Надя находила Маттиа приятным, хотя и странным, гораздо более странным, чем другие мужчины, с которыми напрасно знакомил ее Альберто. Круг друзей Альберто ограничивался математиками, и потому ей казалось, что математикой увлекаются либо хмурые, погруженные в себя личности, либо они становятся такими со временем. Она могла бы спросить у Маттиа, какое из этих ее предположений ближе к истине, лишь бы нарушить повисшее в машине молчание, но что-то ее останавливало. От Маттиа, сидевшего на расстоянии вытянутой руки, веяло какой-то тревогой. Однако еще за столом у Альберто она заметила в его темных глазах полыхнувшие было огоньки, дарившие надежду. Она не сомневалась, что огоньки эти пока еще не удавалось поймать ни одной женщине.
До ее дома оставалось все меньше и меньше поворотов, и Надя умирала от желания спровоцировать его. Поводив пальцами взад-вперед по краю сумочки, лежавшей у нее на коленях, она сдвинула волосы так, чтобы он увидел ее обнаженную шею, но повернуться к нему не решилась: ей было бы неприятно обнаружить, что он смотрит в другую сторону.
Маттиа осторожно покашлял в кулак, желая согреть руку. Он понимал, что Надя нервничает, но не мог сделать первый шаг. Ему было трудно пересилить себя, да он и не знал, с чего начать. Однажды Денис сказал ему, что все подходы, в сущности, одинаковы, ничего придумывать не нужно. Примерно как в шахматах — открывая игру, двигаешь пешку почти не задумываясь, и только потом требуется стратегия, чтобы развивать партию в нужном направлении. «Но я и подходов никаких не знаю», — подумал Маттиа. Он сделал только одно — положил руку на середину сиденья, словно бросил канат в море, и оставил там, хотя от соприкосновения с синтетической тканью его слегка передернуло.
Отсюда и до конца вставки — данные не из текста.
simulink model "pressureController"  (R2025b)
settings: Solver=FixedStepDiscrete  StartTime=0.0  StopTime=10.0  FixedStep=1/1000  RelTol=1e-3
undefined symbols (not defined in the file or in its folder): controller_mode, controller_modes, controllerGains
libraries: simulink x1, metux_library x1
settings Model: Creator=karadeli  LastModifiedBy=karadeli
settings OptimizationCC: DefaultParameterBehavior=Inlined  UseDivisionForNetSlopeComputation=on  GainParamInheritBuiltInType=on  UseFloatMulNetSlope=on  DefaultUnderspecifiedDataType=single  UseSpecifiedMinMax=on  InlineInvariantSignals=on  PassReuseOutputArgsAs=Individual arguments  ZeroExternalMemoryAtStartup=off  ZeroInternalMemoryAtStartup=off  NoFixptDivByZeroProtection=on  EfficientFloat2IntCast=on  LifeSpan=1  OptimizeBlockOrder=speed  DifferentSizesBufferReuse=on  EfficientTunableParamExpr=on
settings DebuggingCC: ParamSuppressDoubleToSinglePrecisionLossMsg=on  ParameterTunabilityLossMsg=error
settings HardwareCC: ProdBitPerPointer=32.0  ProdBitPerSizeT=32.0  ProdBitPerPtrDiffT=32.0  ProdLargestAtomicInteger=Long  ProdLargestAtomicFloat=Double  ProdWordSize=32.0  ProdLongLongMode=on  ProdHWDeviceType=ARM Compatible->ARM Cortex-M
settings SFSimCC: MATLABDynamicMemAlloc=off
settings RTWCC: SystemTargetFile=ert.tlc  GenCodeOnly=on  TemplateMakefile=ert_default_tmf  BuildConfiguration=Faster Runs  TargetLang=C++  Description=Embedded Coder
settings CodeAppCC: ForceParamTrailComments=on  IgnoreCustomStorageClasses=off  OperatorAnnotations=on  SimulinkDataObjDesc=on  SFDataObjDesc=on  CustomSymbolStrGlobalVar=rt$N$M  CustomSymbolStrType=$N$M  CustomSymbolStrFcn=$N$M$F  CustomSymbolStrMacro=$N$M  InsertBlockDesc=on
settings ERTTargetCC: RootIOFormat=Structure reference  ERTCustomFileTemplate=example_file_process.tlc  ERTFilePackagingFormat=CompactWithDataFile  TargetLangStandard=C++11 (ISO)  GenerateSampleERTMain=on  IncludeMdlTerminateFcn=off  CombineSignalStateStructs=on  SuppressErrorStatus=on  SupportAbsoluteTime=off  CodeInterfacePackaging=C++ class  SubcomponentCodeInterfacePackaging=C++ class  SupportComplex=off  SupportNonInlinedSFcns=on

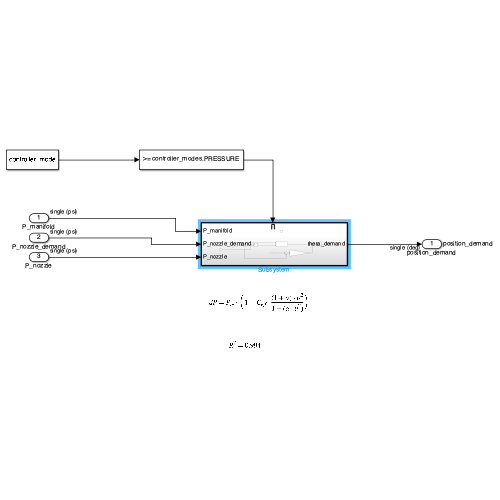
[thumbnail: Simulink's stored preview of the top-level diagram]
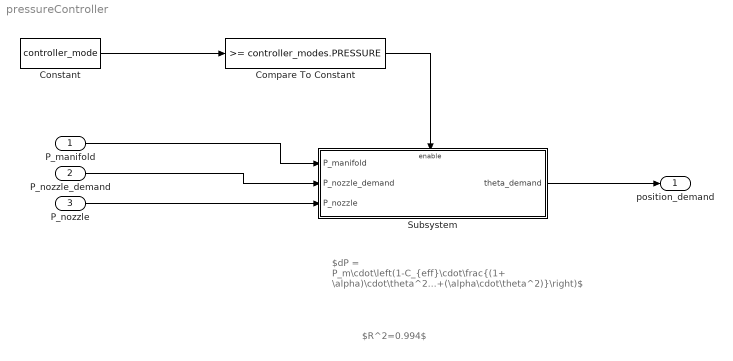
== system pressureController ==
  note: $R^2=0.994$
  note: $dP = P_m\cdot\left(1-C_{eff}\cdot\frac{(1+ \alpha)\cdot\theta^2}{1+(\alpha\cdot\theta^2)}\right)$
  P_manifold : Inport  OutDataTypeStr=single  Unit=psi  PortDimensions=1
  P_nozzle_demand : Inport  Port=2  OutDataTypeStr=single  Unit=psi  PortDimensions=1
  P_nozzle : Inport  Port=3  OutDataTypeStr=single  Unit=psi  PortDimensions=1
  Compare To Constant : simulink/Logic and Bit Operations/Compare To Constant  relop=>=  const=controller_modes.PRESSURE  OutDataTypeStr=boolean
  Constant : Constant  Value=controller_mode  SampleTime=-1
  Subsystem : Subsystem
  position_demand : Outport  SignalName=position_demand  OutDataTypeStr=single  Unit=deg
  wires:
  P_manifold/1 -> Subsystem/1(P_manifold)
  P_nozzle_demand/1 -> Subsystem/2(P_nozzle_demand)
  Subsystem/1(theta_demand) -> position_demand/1
  Constant/1 -> Compare To Constant/1
  Compare To Constant/1 -> Subsystem/Enable
  P_nozzle/1 -> Subsystem/3(P_nozzle)

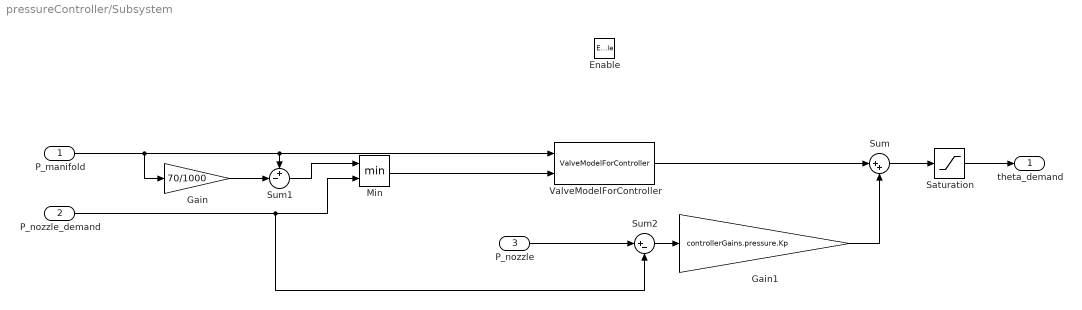
== system pressureController/Subsystem ==
  P_manifold : Inport
  P_nozzle_demand : Inport  Port=2
  P_nozzle : Inport  Port=3
  Enable : EnablePort  StatesWhenEnabling=reset
  Gain : Gain  Gain=70/1000
  Gain1 : Gain  Gain=controllerGains.pressure.Kp
  Min : MinMax  Inputs=2
  Saturation : Saturate  UpperLimit=1080  LowerLimit=0
  Sum : Sum  Inputs=|++
  Sum1 : Sum  Inputs=+-|
  Sum2 : Sum  Inputs=|+-
  ValveModelForController : metux_library/ValveModelForController  alpha=51.8534  C_max=0.9197
  theta_demand : Outport  OutputWhenDisabled=reset  InitialOutput=0
  wires:
  ValveModelForController/1 -> Sum/1
  Saturation/1 -> theta_demand/1
  Sum1/1 -> Min/1
  Gain/1 -> Sum1/2
  P_manifold/1 -> Sum1/1, ValveModelForController/1, Gain/1
  P_nozzle_demand/1 -> Sum2/2, Min/2
  Min/1 -> ValveModelForController/2
  P_nozzle/1 -> Sum2/1
  Gain1/1 -> Sum/2
  Sum/1 -> Saturation/1
  Sum2/1 -> Gain1/1
simulink model "hexapod2"  (R2015a)
settings: Solver=ode23tb  StartTime=0.0  StopTime=10  FixedStep=0.0001  MaxStep=0.01  RelTol=1e-4  AbsTol=1e-5
values from neighbouring files (symbols this model uses):
  bH = 1    [runFirst.m]
  C = CM + CL/n^2    (= 0.0001377500155)    [runFirst.m]
  d1 = 0    [runFirst.m]    (also in runFirst2.m)
  d2 = -4.61    [runFirst.m]    (also in runFirst2.m = 0)
  J = JM + JL/n^2    (= 0.008455500031)    [runFirst.m]
  Ka = 12    [runFirst.m]
  Kb = 0.00867    [runFirst.m]
  Ke = 1    [runFirst.m]
  Km = 4.375    [runFirst.m]
  L = 0.0006    [runFirst.m]
  L1 = 3.64    [runFirst.m]    (also in runFirst2.m = 3.4)
  L2 = 5.72    [runFirst.m]    (also in runFirst2.m = 8.7)
  L3 = 12.46    [runFirst.m]    (also in runFirst2.m = 12.73)
  n = 254    [runFirst.m]
  R = 1.4    [runFirst.m]
undefined symbols (not defined in the file or in its folder): bLb, bLs, X, Y, Z
libraries: sm_lib x108, nesl_utility x43, simulink x24, Contact_Forces_Lib x7, roblocks x2
(part 5 of 5)

== system hexapod2/Hexapod/Leg5/Servo/Двигатель ==
  note: ThetaL
  note: OmegaL
  note: OmegaM
  note: TauM
  note: Ia
  note: Vb (противо-ЭДС)
  note: Va-Vb
  note: Va
  note: Vref
  Заданный угол : Inport
  Derivative : Derivative
  Encoder : Gain  Gain=Kb
  Gain : Gain  Gain=Ka
  Gain1 : Gain  Gain=Km
  Gain2 : Gain  Gain=1/n
  Integrator : Integrator
  RL-схема : TransferFcn  Denominator=[L R]
  Saturation3 : Saturate  UpperLimit=90*pi/180  LowerLimit=-90*pi/180  OutMin=[-150*pi/180]  OutMax=[150*pi/180]
  Scope{2..5} (4 alike) : Scope
      Scope3 settings: SaveName=ScopeData4
      Scope4 settings: SaveName=ScopeData5
      Scope5 settings: SaveName=ScopeData6
  Sum : Sum  Inputs=|+-
  Динамика двигателя : TransferFcn  Denominator=[J C]
  Угол : Outport
  Скорость : Outport  Port=2
  Ускорение : Outport  Port=3
  wires:
  RL-схема/1 -> Scope4/1, Gain1/1
  Sum/1 -> RL-схема/1
  Gain1/1 -> Динамика двигателя/1, Scope2/1
  Encoder/1 -> Sum/2
  Динамика двигателя/1 -> Gain2/1, Encoder/1
  Integrator/1 -> Saturation3/1
  Заданный угол/1 -> Gain/1
  Gain2/1 -> Derivative/1, Скорость/1, Integrator/1, Scope3/1
  Gain/1 -> Scope5/1, Sum/1
  Saturation3/1 -> Угол/1
  Derivative/1 -> Ускорение/1

== system hexapod2/Hexapod/Leg5/Servo1/PID ==
  In1 : Inport
  Derivative : Derivative
  Integrator : Integrator
  Kp : Gain  Gain=64
  Kp1 : Gain  Gain=3.4
  Kp2 : Gain  Gain=0
  Sum : Sum  Inputs=|+++
  Out1 : Outport
  wires:
  Derivative/1 -> Sum/3
  Kp/1 -> Sum/2
  Integrator/1 -> Sum/1
  Kp2/1 -> Integrator/1
  Sum/1 -> Out1/1
  Kp1/1 -> Derivative/1
  In1/1 -> Kp/1, Kp1/1, Kp2/1

== system hexapod2/Hexapod/Leg5/Servo1/Двигатель ==
  note: Vref
  note: Va
  note: Va-Vb
  note: Vb (противо-ЭДС)
  note: Ia
  note: TauM
  note: OmegaM
  note: OmegaL
  note: ThetaL
  Заданный угол : Inport
  Derivative : Derivative
  Encoder : Gain  Gain=Kb
  Gain : Gain  Gain=Ka
  Gain1 : Gain  Gain=Km
  Gain2 : Gain  Gain=1/n
  Integrator : Integrator
  RL-схема : TransferFcn  Denominator=[L R]
  Saturation3 : Saturate  UpperLimit=90*pi/180  LowerLimit=-90*pi/180  OutMin=[-150*pi/180]  OutMax=[150*pi/180]
  Scope{2..5} (4 alike) : Scope
      Scope3 settings: SaveName=ScopeData4
      Scope4 settings: SaveName=ScopeData5
      Scope5 settings: SaveName=ScopeData6
  Sum : Sum  Inputs=|+-
  Динамика двигателя : TransferFcn  Denominator=[J C]
  Угол : Outport
  Скорость : Outport  Port=2
  Ускорение : Outport  Port=3
  wires:
  Derivative/1 -> Ускорение/1
  Saturation3/1 -> Угол/1
  Gain/1 -> Sum/1, Scope5/1
  Gain2/1 -> Scope3/1, Integrator/1, Скорость/1, Derivative/1
  Заданный угол/1 -> Gain/1
  Integrator/1 -> Saturation3/1
  Динамика двигателя/1 -> Encoder/1, Gain2/1
  Encoder/1 -> Sum/2
  Gain1/1 -> Scope2/1, Динамика двигателя/1
  Sum/1 -> RL-схема/1
  RL-схема/1 -> Gain1/1, Scope4/1

== system hexapod2/Hexapod/Leg5/Servo2/PID ==
  In1 : Inport
  Derivative : Derivative
  Integrator : Integrator
  Kp : Gain  Gain=64
  Kp1 : Gain  Gain=3.4
  Kp2 : Gain  Gain=0
  Sum : Sum  Inputs=|+++
  Out1 : Outport
  wires:
  In1/1 -> Kp2/1, Kp1/1, Kp/1
  Kp1/1 -> Derivative/1
  Sum/1 -> Out1/1
  Kp2/1 -> Integrator/1
  Integrator/1 -> Sum/1
  Kp/1 -> Sum/2
  Derivative/1 -> Sum/3

== system hexapod2/Hexapod/Leg5/Servo2/Двигатель ==
  note: ThetaL
  note: OmegaL
  note: OmegaM
  note: TauM
  note: Ia
  note: Vb (противо-ЭДС)
  note: Va-Vb
  note: Va
  note: Vref
  Заданный угол : Inport
  Derivative : Derivative
  Encoder : Gain  Gain=Kb
  Gain : Gain  Gain=Ka
  Gain1 : Gain  Gain=Km
  Gain2 : Gain  Gain=1/n
  Integrator : Integrator
  RL-схема : TransferFcn  Denominator=[L R]
  Saturation3 : Saturate  UpperLimit=90*pi/180  LowerLimit=-90*pi/180  OutMin=[-150*pi/180]  OutMax=[150*pi/180]
  Scope{2..5} (4 alike) : Scope
      Scope3 settings: SaveName=ScopeData4
      Scope4 settings: SaveName=ScopeData5
      Scope5 settings: SaveName=ScopeData6
  Sum : Sum  Inputs=|+-
  Динамика двигателя : TransferFcn  Denominator=[J C]
  Угол : Outport
  Скорость : Outport  Port=2
  Ускорение : Outport  Port=3
  wires:
  RL-схема/1 -> Scope4/1, Gain1/1
  Sum/1 -> RL-схема/1
  Gain1/1 -> Динамика двигателя/1, Scope2/1
  Encoder/1 -> Sum/2
  Динамика двигателя/1 -> Gain2/1, Encoder/1
  Integrator/1 -> Saturation3/1
  Заданный угол/1 -> Gain/1
  Gain2/1 -> Derivative/1, Скорость/1, Integrator/1, Scope3/1
  Gain/1 -> Scope5/1, Sum/1
  Saturation3/1 -> Угол/1
  Derivative/1 -> Ускорение/1

== system hexapod2/Hexapod/Leg6/Servo/PID ==
  In1 : Inport
  Derivative : Derivative
  Integrator : Integrator
  Kp : Gain  Gain=64
  Kp1 : Gain  Gain=3.4
  Kp2 : Gain  Gain=0
  Sum : Sum  Inputs=|+++
  Out1 : Outport
  wires:
  Derivative/1 -> Sum/3
  Kp/1 -> Sum/2
  Integrator/1 -> Sum/1
  Kp2/1 -> Integrator/1
  Sum/1 -> Out1/1
  Kp1/1 -> Derivative/1
  In1/1 -> Kp/1, Kp1/1, Kp2/1

== system hexapod2/Hexapod/Leg6/Servo/Двигатель ==
  note: Vref
  note: Va
  note: Va-Vb
  note: Vb (противо-ЭДС)
  note: Ia
  note: TauM
  note: OmegaM
  note: OmegaL
  note: ThetaL
  Заданный угол : Inport
  Derivative : Derivative
  Encoder : Gain  Gain=Kb
  Gain : Gain  Gain=Ka
  Gain1 : Gain  Gain=Km
  Gain2 : Gain  Gain=1/n
  Integrator : Integrator
  RL-схема : TransferFcn  Denominator=[L R]
  Saturation3 : Saturate  UpperLimit=90*pi/180  LowerLimit=-90*pi/180  OutMin=[-150*pi/180]  OutMax=[150*pi/180]
  Scope{2..5} (4 alike) : Scope
      Scope3 settings: SaveName=ScopeData4
      Scope4 settings: SaveName=ScopeData5
      Scope5 settings: SaveName=ScopeData6
  Sum : Sum  Inputs=|+-
  Динамика двигателя : TransferFcn  Denominator=[J C]
  Угол : Outport
  Скорость : Outport  Port=2
  Ускорение : Outport  Port=3
  wires:
  Derivative/1 -> Ускорение/1
  Saturation3/1 -> Угол/1
  Gain/1 -> Sum/1, Scope5/1
  Gain2/1 -> Scope3/1, Integrator/1, Скорость/1, Derivative/1
  Заданный угол/1 -> Gain/1
  Integrator/1 -> Saturation3/1
  Динамика двигателя/1 -> Encoder/1, Gain2/1
  Encoder/1 -> Sum/2
  Gain1/1 -> Scope2/1, Динамика двигателя/1
  Sum/1 -> RL-схема/1
  RL-схема/1 -> Gain1/1, Scope4/1

== system hexapod2/Hexapod/Leg6/Servo1/PID ==
  In1 : Inport
  Derivative : Derivative
  Integrator : Integrator
  Kp : Gain  Gain=64
  Kp1 : Gain  Gain=3.4
  Kp2 : Gain  Gain=0
  Sum : Sum  Inputs=|+++
  Out1 : Outport
  wires:
  In1/1 -> Kp2/1, Kp1/1, Kp/1
  Kp1/1 -> Derivative/1
  Sum/1 -> Out1/1
  Kp2/1 -> Integrator/1
  Integrator/1 -> Sum/1
  Kp/1 -> Sum/2
  Derivative/1 -> Sum/3

== system hexapod2/Hexapod/Leg6/Servo1/Двигатель ==
  note: ThetaL
  note: OmegaL
  note: OmegaM
  note: TauM
  note: Ia
  note: Vb (противо-ЭДС)
  note: Va-Vb
  note: Va
  note: Vref
  Заданный угол : Inport
  Derivative : Derivative
  Encoder : Gain  Gain=Kb
  Gain : Gain  Gain=Ka
  Gain1 : Gain  Gain=Km
  Gain2 : Gain  Gain=1/n
  Integrator : Integrator
  RL-схема : TransferFcn  Denominator=[L R]
  Saturation3 : Saturate  UpperLimit=90*pi/180  LowerLimit=-90*pi/180  OutMin=[-150*pi/180]  OutMax=[150*pi/180]
  Scope{2..5} (4 alike) : Scope
      Scope3 settings: SaveName=ScopeData4
      Scope4 settings: SaveName=ScopeData5
      Scope5 settings: SaveName=ScopeData6
  Sum : Sum  Inputs=|+-
  Динамика двигателя : TransferFcn  Denominator=[J C]
  Угол : Outport
  Скорость : Outport  Port=2
  Ускорение : Outport  Port=3
  wires:
  RL-схема/1 -> Scope4/1, Gain1/1
  Sum/1 -> RL-схема/1
  Gain1/1 -> Динамика двигателя/1, Scope2/1
  Encoder/1 -> Sum/2
  Динамика двигателя/1 -> Gain2/1, Encoder/1
  Integrator/1 -> Saturation3/1
  Заданный угол/1 -> Gain/1
  Gain2/1 -> Derivative/1, Скорость/1, Integrator/1, Scope3/1
  Gain/1 -> Scope5/1, Sum/1
  Saturation3/1 -> Угол/1
  Derivative/1 -> Ускорение/1

== system hexapod2/Hexapod/Leg6/Servo2/PID ==
  In1 : Inport
  Derivative : Derivative
  Integrator : Integrator
  Kp : Gain  Gain=64
  Kp1 : Gain  Gain=3.4
  Kp2 : Gain  Gain=0
  Sum : Sum  Inputs=|+++
  Out1 : Outport
  wires:
  Derivative/1 -> Sum/3
  Kp/1 -> Sum/2
  Integrator/1 -> Sum/1
  Kp2/1 -> Integrator/1
  Sum/1 -> Out1/1
  Kp1/1 -> Derivative/1
  In1/1 -> Kp/1, Kp1/1, Kp2/1

== system hexapod2/Hexapod/Leg6/Servo2/Двигатель ==
  note: Vref
  note: Va
  note: Va-Vb
  note: Vb (противо-ЭДС)
  note: Ia
  note: TauM
  note: OmegaM
  note: OmegaL
  note: ThetaL
  Заданный угол : Inport
  Derivative : Derivative
  Encoder : Gain  Gain=Kb
  Gain : Gain  Gain=Ka
  Gain1 : Gain  Gain=Km
  Gain2 : Gain  Gain=1/n
  Integrator : Integrator
  RL-схема : TransferFcn  Denominator=[L R]
  Saturation3 : Saturate  UpperLimit=90*pi/180  LowerLimit=-90*pi/180  OutMin=[-150*pi/180]  OutMax=[150*pi/180]
  Scope{2..5} (4 alike) : Scope
      Scope3 settings: SaveName=ScopeData4
      Scope4 settings: SaveName=ScopeData5
      Scope5 settings: SaveName=ScopeData6
  Sum : Sum  Inputs=|+-
  Динамика двигателя : TransferFcn  Denominator=[J C]
  Угол : Outport
  Скорость : Outport  Port=2
  Ускорение : Outport  Port=3
  wires:
  Derivative/1 -> Ускорение/1
  Saturation3/1 -> Угол/1
  Gain/1 -> Sum/1, Scope5/1
  Gain2/1 -> Scope3/1, Integrator/1, Скорость/1, Derivative/1
  Заданный угол/1 -> Gain/1
  Integrator/1 -> Saturation3/1
  Динамика двигателя/1 -> Encoder/1, Gain2/1
  Encoder/1 -> Sum/2
  Gain1/1 -> Scope2/1, Динамика двигателя/1
  Sum/1 -> RL-схема/1
  RL-схема/1 -> Gain1/1, Scope4/1

Надя поняла и тихо, без резких движений подвинулась ближе. Взяла его руку, закинула себе на плечо и, опустив голову ему на грудь, закрыла глаза. От ее волос исходил сильный запах духов, будораживший ноздри.
Такси остановилось у дома Нади.
— Seventeen thirty[11], — сказал таксист, не выключая мотора.
Надя молчала, оба подумали о том, сколько трудов понадобится, чтобы все это повторилось. Маттиа пошарил в кармане и достал бумажник. Протянув водителю двадцать евро, он сказал:
— No change, thanks[12].
Надя открыла дверцу. Сейчас нужно пойти за ней, подумал Маттиа, но не двинулся с места.
Она стояла возле машины. Таксист смотрел на Маттиа в зеркало, ожидая распоряжений. На светящемся табло таксофона высвечивались нули.
— Пойдем, — сказала Надя, и Маттиа повиновался.
Такси уехало, они поднялись по крутой лестнице, покрытой синим ковролином; ступени были такими узкими, что Маттиа приходилось выворачивать ступни.
Квартира Нади оказалась чистой и ухоженной — таким только и могло быть жилище одинокой женщины. Сухие цветочные лепестки в ивовой корзинке на круглом столе уже давно не источали никакого аромата; стены окрашены в непочтительно яркие и необычные для Севера цвета — оранжевый, синий и желтый.
Надя сняла пальто и положила его на спинку стула с той непринужденностью, с какой люди держатся у себя дома.
— Принесу что-нибудь выпить, — сказала она.
Маттиа ожидал ее посреди гостиной, засунув израненные руки в карманы. Вскоре Надя вернулась с двумя бокалами, наполовину наполненными красным вином. Она улыбалась какой-то своей мысли.
— Я уже отвыкла. Давно уже такого не случалось, — призналась она.
— Ладно, — ответил Маттиа, умолчав о том, что с ним вообще такого еще никогда не случалось.
Они молча потягивали вино, осторожно встречаясь взглядом и улыбаясь друг другу, словно подростки.